# problem with new, cheap, router



## simon1138 (Jul 3, 2020)

hello
i bought a £29 router from lidl in uk. i got a few bits to go with it, template bits for cutting out a guitar body. i have had a few problems from what i thought was a bad collet. i looked at the rear hole and it seemed off centre and i thought that was causing the bit to turn at a slight but noticable angle. so i bought a new collet. that seems straight enough. i fit the bit and it still seems to spin off centre i am not sure if it is because of how i fitted the bit in the collet. how the collet sits in the router or the nut that tightens the collet.
i dont want to buy another new router. this is for diy stuff so i dont want to get a big expensive one. i want to rule out "user error" before looking at a faulty router.
any help would be great
thanks and all the best
simon


----------



## Cherryville Chuck (Sep 28, 2010)

Hi Simon and welcome.
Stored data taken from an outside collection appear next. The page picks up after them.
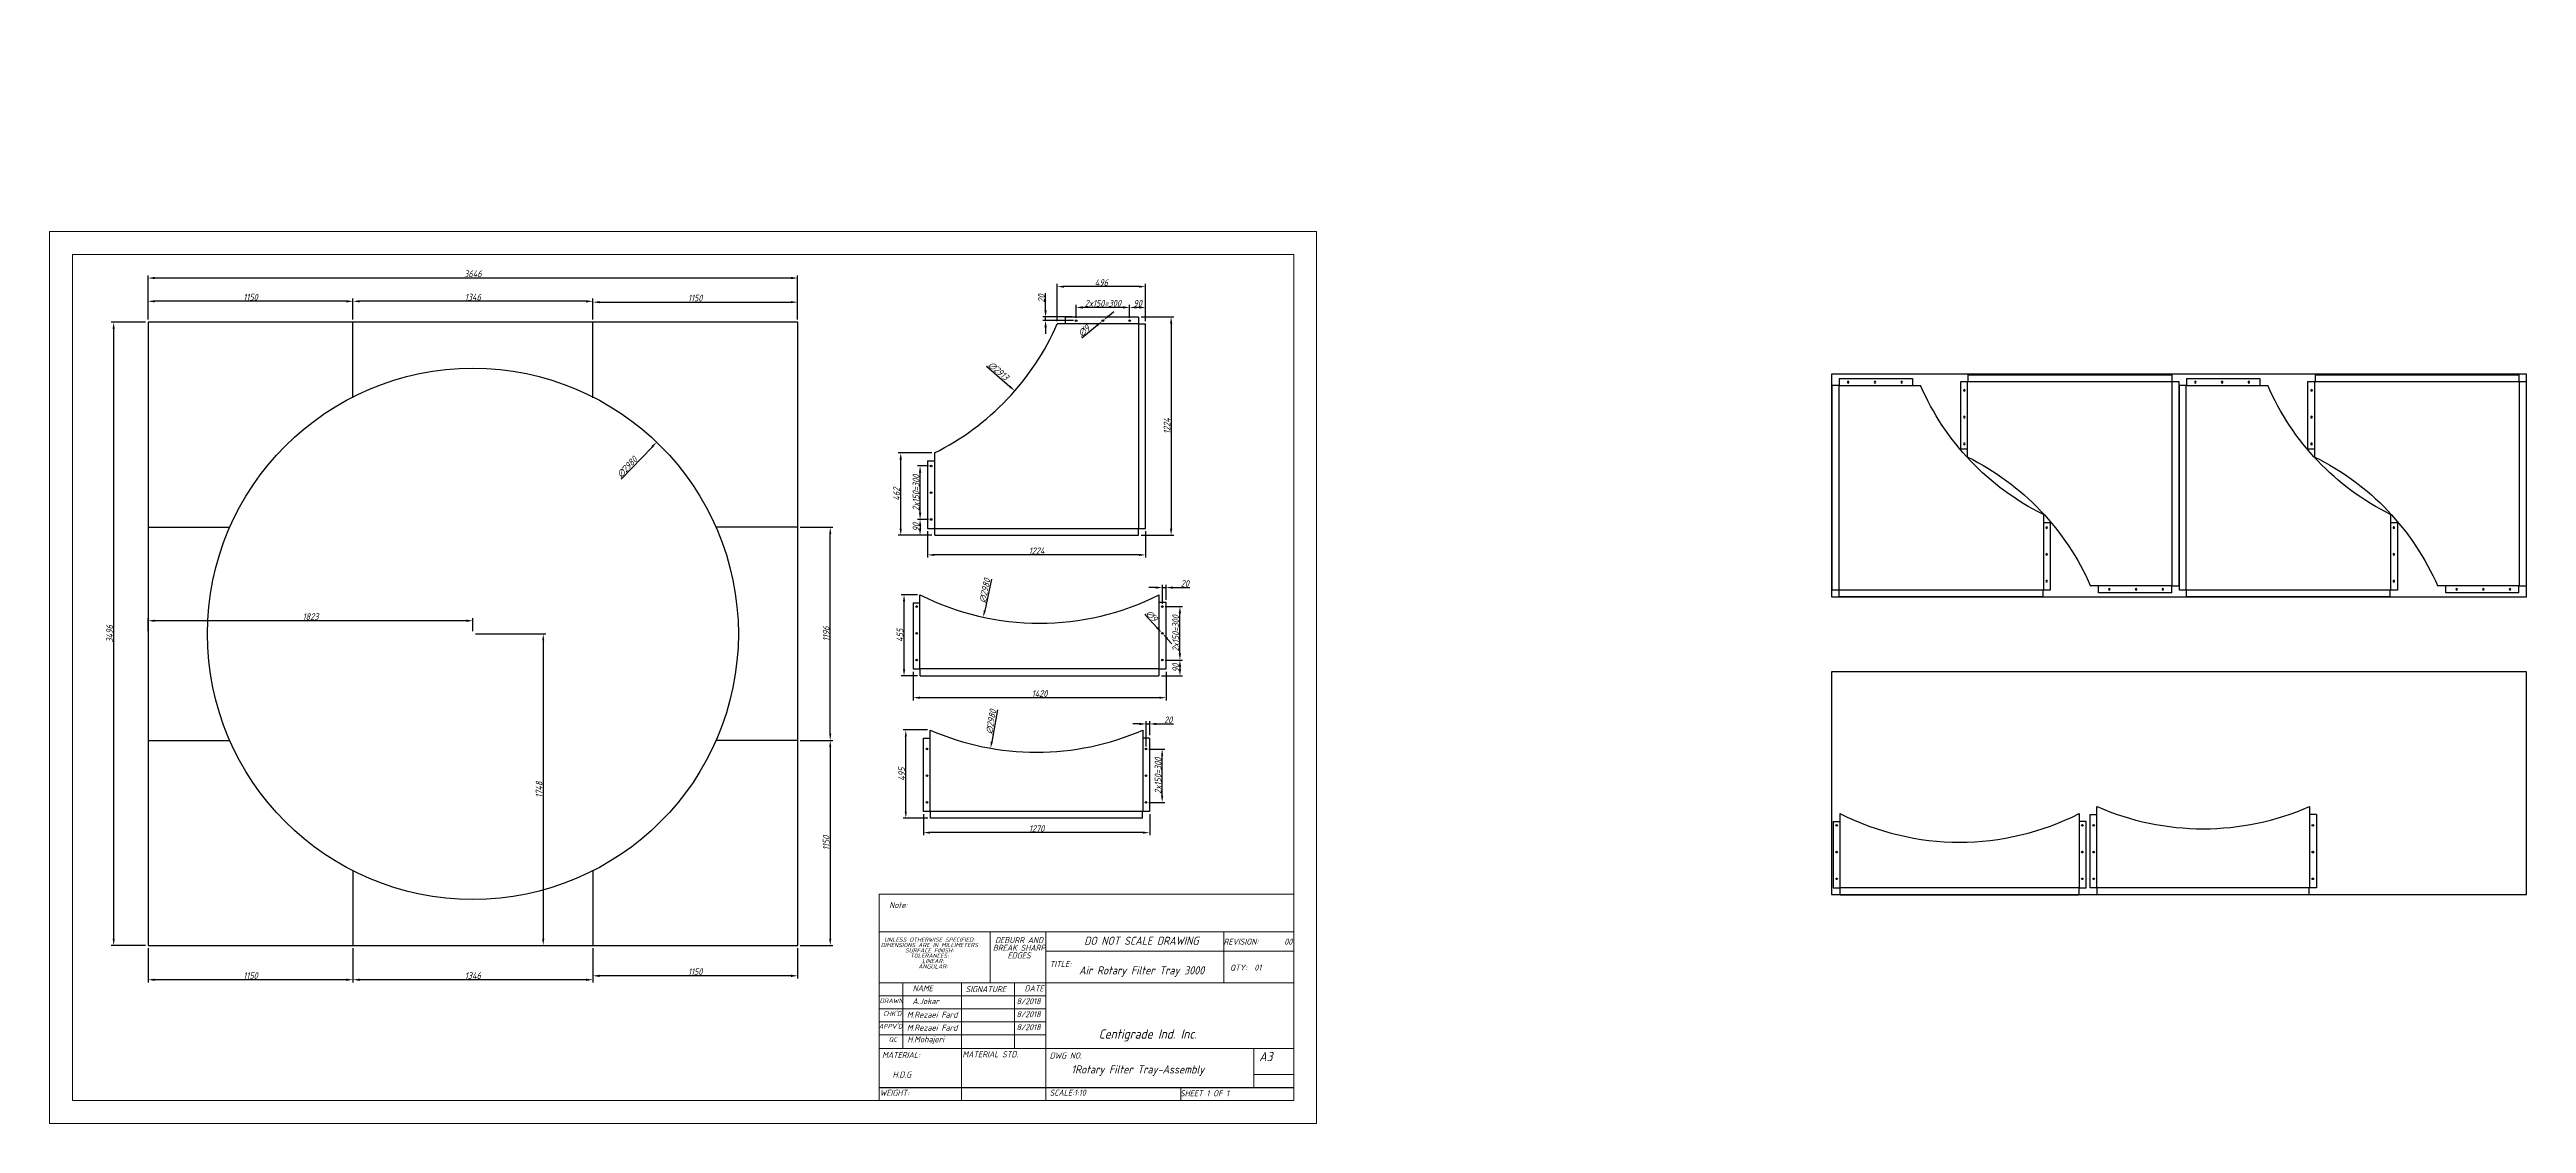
# Model space of a CAD drawing. Header units: millimetres. Extents: x -28127 to -14224, y -2667 to 12466.
# Drawn here: x -28127 to -14224, y 6442 to 12466 of the extents above; entities that cross this region are included whole.
import ezdxf

# ---------------------------------------------------------------- set-up
doc = ezdxf.new("R2010")
doc.units = ezdxf.units.MM
doc.header["$LTSCALE"] = 10
doc.linetypes.add('SLD-Solid', pattern=[0])
doc.styles.add('GENISO', font='geniso.shx', dxfattribs={"oblique": 15})
doc.dimstyles.new('Scale', dxfattribs={"dimscale": 15, "dimtxt": 2.5, "dimasz": 2.5, "dimexe": 1, "dimexo": 1, "dimgap": 0.3, "dimtad": 1, "dimdec": 0, "dimzin": 0, "dimtxsty": 'GENISO', "dimcen": 2.5, "dimclrd": 1, "dimclre": 1, "dimclrt": 256, "dimadec": 0, "dimazin": 0, "dimtfac": 1, "dimtdec": 0, "dimtmove": 0, "dimatfit": 3, "dimfxl": 1, "dimtzin": 0, "dimlwd": -1, "dimlwe": -1, "dimarcsym": 0})

# ---------------------------------------------------------------- blocks, each defined once
blk = doc.blocks.new('*D12')
at = {"color": 1, "transparency": 16777216}
for p, q in [((-27574, 10951), (-27574, 11199)), ((-23965, 11184), (-27536, 11184)), ((-23928, 10951), (-23928, 11199))]:
    blk.add_line(p, q, dxfattribs=at)
for points in [[(-27536, 11191), (-27536, 11178), (-27574, 11184)], [(-23965, 11191), (-23965, 11178), (-23928, 11184)]]:
    blk.add_solid(points, dxfattribs=at)
at = {"layer": 'Defpoints', "color": 0, "transparency": 16777216}
for p in [(-27574, 11184), (-27574, 10936), (-23928, 10936)]:
    blk.add_point(p, dxfattribs=at)
at = {"transparency": 16777216, "insert": (-25751, 11208), "char_height": 37.5, "attachment_point": 5, "style": 'GENISO'}
blk.add_mtext('3646', dxfattribs=at)
blk = doc.blocks.new('*D13')
at = {"color": 1, "transparency": 16777216}
for p, q in [((-27589, 10936), (-27782, 10936)), ((-27767, 7478), (-27767, 10899)), ((-27589, 7440), (-27782, 7440))]:
    blk.add_line(p, q, dxfattribs=at)
for points in [[(-27773, 10899), (-27761, 10899), (-27767, 10936)], [(-27773, 7478), (-27761, 7478), (-27767, 7440)]]:
    blk.add_solid(points, dxfattribs=at)
at = {"layer": 'Defpoints', "color": 0, "transparency": 16777216}
for p in [(-27767, 10936), (-27574, 10936), (-27574, 7440)]:
    blk.add_point(p, dxfattribs=at)
at = {"transparency": 16777216, "insert": (-27790, 9188), "char_height": 37.5, "attachment_point": 5, "rotation": 90, "style": 'GENISO'}
blk.add_mtext('3496', dxfattribs=at)
blk = doc.blocks.new('*D14')
at = {"color": 1, "transparency": 16777216}
blk.add_line((-24918, 10056), (-24745, 10236), dxfattribs=at)
blk.add_solid([(-24750, 10241), (-24741, 10232), (-24719, 10264)], dxfattribs=at)
at = {"layer": 'Defpoints', "color": 0, "transparency": 16777216}
for p in [(-24719, 10264), (-26782, 8113)]:
    blk.add_point(p, dxfattribs=at)
at = {"transparency": 16777216, "insert": (-24885, 10124), "char_height": 37.5, "attachment_point": 5, "rotation": 46.1975, "style": 'GENISO'}
blk.add_mtext('∅2980', dxfattribs=at)
blk = doc.blocks.new('*D15')
at = {"color": 1, "transparency": 16777216}
for p, q in [((-23913, 8590), (-23730, 8590)), ((-23745, 8553), (-23745, 7478)), ((-23913, 7440), (-23730, 7440))]:
    blk.add_line(p, q, dxfattribs=at)
for points in [[(-23751, 8553), (-23739, 8553), (-23745, 8590)], [(-23751, 7478), (-23739, 7478), (-23745, 7440)]]:
    blk.add_solid(points, dxfattribs=at)
at = {"layer": 'Defpoints', "color": 0, "transparency": 16777216}
for p in [(-23928, 8590), (-23928, 7440), (-23745, 7440)]:
    blk.add_point(p, dxfattribs=at)
at = {"transparency": 16777216, "insert": (-23768, 8015), "char_height": 37.5, "attachment_point": 5, "rotation": 90, "style": 'GENISO'}
blk.add_mtext('1150', dxfattribs=at)
blk = doc.blocks.new('*D16')
at = {"color": 1, "transparency": 16777216}
for p, q in [((-25078, 7425), (-25078, 7255)), ((-23928, 7425), (-23928, 7255)), ((-23965, 7270), (-25040, 7270))]:
    blk.add_line(p, q, dxfattribs=at)
for points in [[(-25040, 7276), (-25040, 7263), (-25078, 7270)], [(-23965, 7276), (-23965, 7263), (-23928, 7270)]]:
    blk.add_solid(points, dxfattribs=at)
at = {"layer": 'Defpoints', "color": 0, "transparency": 16777216}
for p in [(-25078, 7440), (-23928, 7440), (-25078, 7270)]:
    blk.add_point(p, dxfattribs=at)
at = {"transparency": 16777216, "insert": (-24503, 7293), "char_height": 37.5, "attachment_point": 5, "style": 'GENISO'}
blk.add_mtext('1150', dxfattribs=at)
blk = doc.blocks.new('*D17')
at = {"color": 1, "transparency": 16777216}
for p, q in [((-23913, 9786), (-23730, 9786)), ((-23745, 8628), (-23745, 9749)), ((-23913, 8590), (-23730, 8590))]:
    blk.add_line(p, q, dxfattribs=at)
for points in [[(-23751, 9749), (-23739, 9749), (-23745, 9786)], [(-23751, 8628), (-23739, 8628), (-23745, 8590)]]:
    blk.add_solid(points, dxfattribs=at)
at = {"layer": 'Defpoints', "color": 0, "transparency": 16777216}
for p in [(-23928, 9786), (-23745, 9786), (-23928, 8590)]:
    blk.add_point(p, dxfattribs=at)
at = {"transparency": 16777216, "insert": (-23768, 9188), "char_height": 37.5, "attachment_point": 5, "rotation": 90, "style": 'GENISO'}
blk.add_mtext('1196', dxfattribs=at)
blk = doc.blocks.new('*D18')
at = {"color": 1, "transparency": 16777216}
for p, q in [((-27574, 9203), (-27574, 9277)), ((-25788, 9262), (-27536, 9262)), ((-25751, 9203), (-25751, 9277))]:
    blk.add_line(p, q, dxfattribs=at)
for points in [[(-27536, 9268), (-27536, 9255), (-27574, 9262)], [(-25788, 9268), (-25788, 9255), (-25751, 9262)]]:
    blk.add_solid(points, dxfattribs=at)
at = {"layer": 'Defpoints', "color": 0, "transparency": 16777216}
for p in [(-27574, 9262), (-27574, 9188), (-25751, 9188)]:
    blk.add_point(p, dxfattribs=at)
at = {"transparency": 16777216, "insert": (-26662, 9285), "char_height": 37.5, "attachment_point": 5, "style": 'GENISO'}
blk.add_mtext('1823', dxfattribs=at)
blk = doc.blocks.new('*D19')
at = {"color": 1, "transparency": 16777216}
for p, q in [((-25736, 9188), (-25341, 9188)), ((-25356, 9151), (-25356, 7478)), ((-26793, 7440), (-25341, 7440))]:
    blk.add_line(p, q, dxfattribs=at)
for points in [[(-25362, 9151), (-25350, 9151), (-25356, 9188)], [(-25362, 7478), (-25350, 7478), (-25356, 7440)]]:
    blk.add_solid(points, dxfattribs=at)
at = {"layer": 'Defpoints', "color": 0, "transparency": 16777216}
for p in [(-25751, 9188), (-26808, 7440), (-25356, 7440)]:
    blk.add_point(p, dxfattribs=at)
at = {"transparency": 16777216, "insert": (-25379, 8314), "char_height": 37.5, "attachment_point": 5, "rotation": 90, "style": 'GENISO'}
blk.add_mtext('1748', dxfattribs=at)
blk = doc.blocks.new('*D20')
at = {"color": 1, "transparency": 16777216}
for p, q in [((-26424, 7425), (-26424, 7233)), ((-25078, 7425), (-25078, 7233)), ((-25115, 7248), (-26386, 7248))]:
    blk.add_line(p, q, dxfattribs=at)
for points in [[(-26386, 7254), (-26386, 7241), (-26424, 7248)], [(-25115, 7254), (-25115, 7241), (-25078, 7248)]]:
    blk.add_solid(points, dxfattribs=at)
at = {"layer": 'Defpoints', "color": 0, "transparency": 16777216}
for p in [(-26424, 7440), (-25078, 7440), (-26424, 7248)]:
    blk.add_point(p, dxfattribs=at)
at = {"transparency": 16777216, "insert": (-25751, 7271), "char_height": 37.5, "attachment_point": 5, "style": 'GENISO'}
blk.add_mtext('1346', dxfattribs=at)
blk = doc.blocks.new('*D21')
at = {"color": 1, "transparency": 16777216}
for p, q in [((-27574, 7425), (-27574, 7233)), ((-26424, 7425), (-26424, 7233)), ((-26461, 7248), (-27536, 7248))]:
    blk.add_line(p, q, dxfattribs=at)
for points in [[(-27536, 7254), (-27536, 7241), (-27574, 7248)], [(-26461, 7254), (-26461, 7241), (-26424, 7248)]]:
    blk.add_solid(points, dxfattribs=at)
at = {"layer": 'Defpoints', "color": 0, "transparency": 16777216}
for p in [(-27574, 7440), (-26424, 7440), (-27574, 7248)]:
    blk.add_point(p, dxfattribs=at)
at = {"transparency": 16777216, "insert": (-26999, 7271), "char_height": 37.5, "attachment_point": 5, "style": 'GENISO'}
blk.add_mtext('1150', dxfattribs=at)
blk = doc.blocks.new('*D22')
at = {"color": 1, "transparency": 16777216}
for p, q in [((-26424, 10951), (-26424, 11069)), ((-25115, 11054), (-26386, 11054)), ((-25078, 10951), (-25078, 11069))]:
    blk.add_line(p, q, dxfattribs=at)
for points in [[(-26386, 11060), (-26386, 11047), (-26424, 11054)], [(-25115, 11060), (-25115, 11047), (-25078, 11054)]]:
    blk.add_solid(points, dxfattribs=at)
at = {"layer": 'Defpoints', "color": 0, "transparency": 16777216}
for p in [(-26424, 11054), (-26424, 10936), (-25078, 10936)]:
    blk.add_point(p, dxfattribs=at)
at = {"transparency": 16777216, "insert": (-25751, 11077), "char_height": 37.5, "attachment_point": 5, "style": 'GENISO'}
blk.add_mtext('1346', dxfattribs=at)
blk = doc.blocks.new('*D23')
at = {"color": 1, "transparency": 16777216}
for p, q in [((-25078, 10951), (-25078, 11064)), ((-25040, 11049), (-23965, 11049)), ((-23928, 10951), (-23928, 11064))]:
    blk.add_line(p, q, dxfattribs=at)
for points in [[(-25040, 11055), (-25040, 11043), (-25078, 11049)], [(-23965, 11055), (-23965, 11043), (-23928, 11049)]]:
    blk.add_solid(points, dxfattribs=at)
at = {"layer": 'Defpoints', "color": 0, "transparency": 16777216}
for p in [(-23928, 11049), (-25078, 10936), (-23928, 10936)]:
    blk.add_point(p, dxfattribs=at)
at = {"transparency": 16777216, "insert": (-24503, 11072), "char_height": 37.5, "attachment_point": 5, "style": 'GENISO'}
blk.add_mtext('1150', dxfattribs=at)
blk = doc.blocks.new('*D24')
at = {"color": 1, "transparency": 16777216}
for p, q in [((-27574, 10951), (-27574, 11069)), ((-26461, 11054), (-27536, 11054)), ((-26424, 10951), (-26424, 11069))]:
    blk.add_line(p, q, dxfattribs=at)
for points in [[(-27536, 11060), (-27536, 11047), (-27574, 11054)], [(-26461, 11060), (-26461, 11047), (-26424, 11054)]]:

There is no way for a user to get the collet off center. It fits in a cone and the cone is supposed to center it as the nut pushes it down into the cone. If it is spinning off center then it was machined that way. By the way, if it is off center it should be vibrating like crazy. You can tell if it is off center from the main axis by clamping something to the base and leaving a paper thin gap between whatever that is and the bit. Then as you slowly turn the bit you should be able to see the gap change. Likewise if it isn't 90* to the base. The gap will be wider at the top or bottom. If either of those is true then the router is junk. Return it and get a refund. The saying that you get what you pay for is pretty much universally true with only shades of gray to it.


----------



## DesertRatTom (Jul 3, 2012)

Charles test will tell the tale. Collets are actually precision devices and must be withing a couple of thousandths to be usable. I suspect something else is wrong inside the machine, and it is probably junk and should be returned for a refund. You could buy another cheap machine and hope it's better, but as the saying goes, "Good ain't cheap and cheap ain't good." If your second one is OK, see about ordering a couple of extra collets, if you can't find any, well, you have a disposable machine.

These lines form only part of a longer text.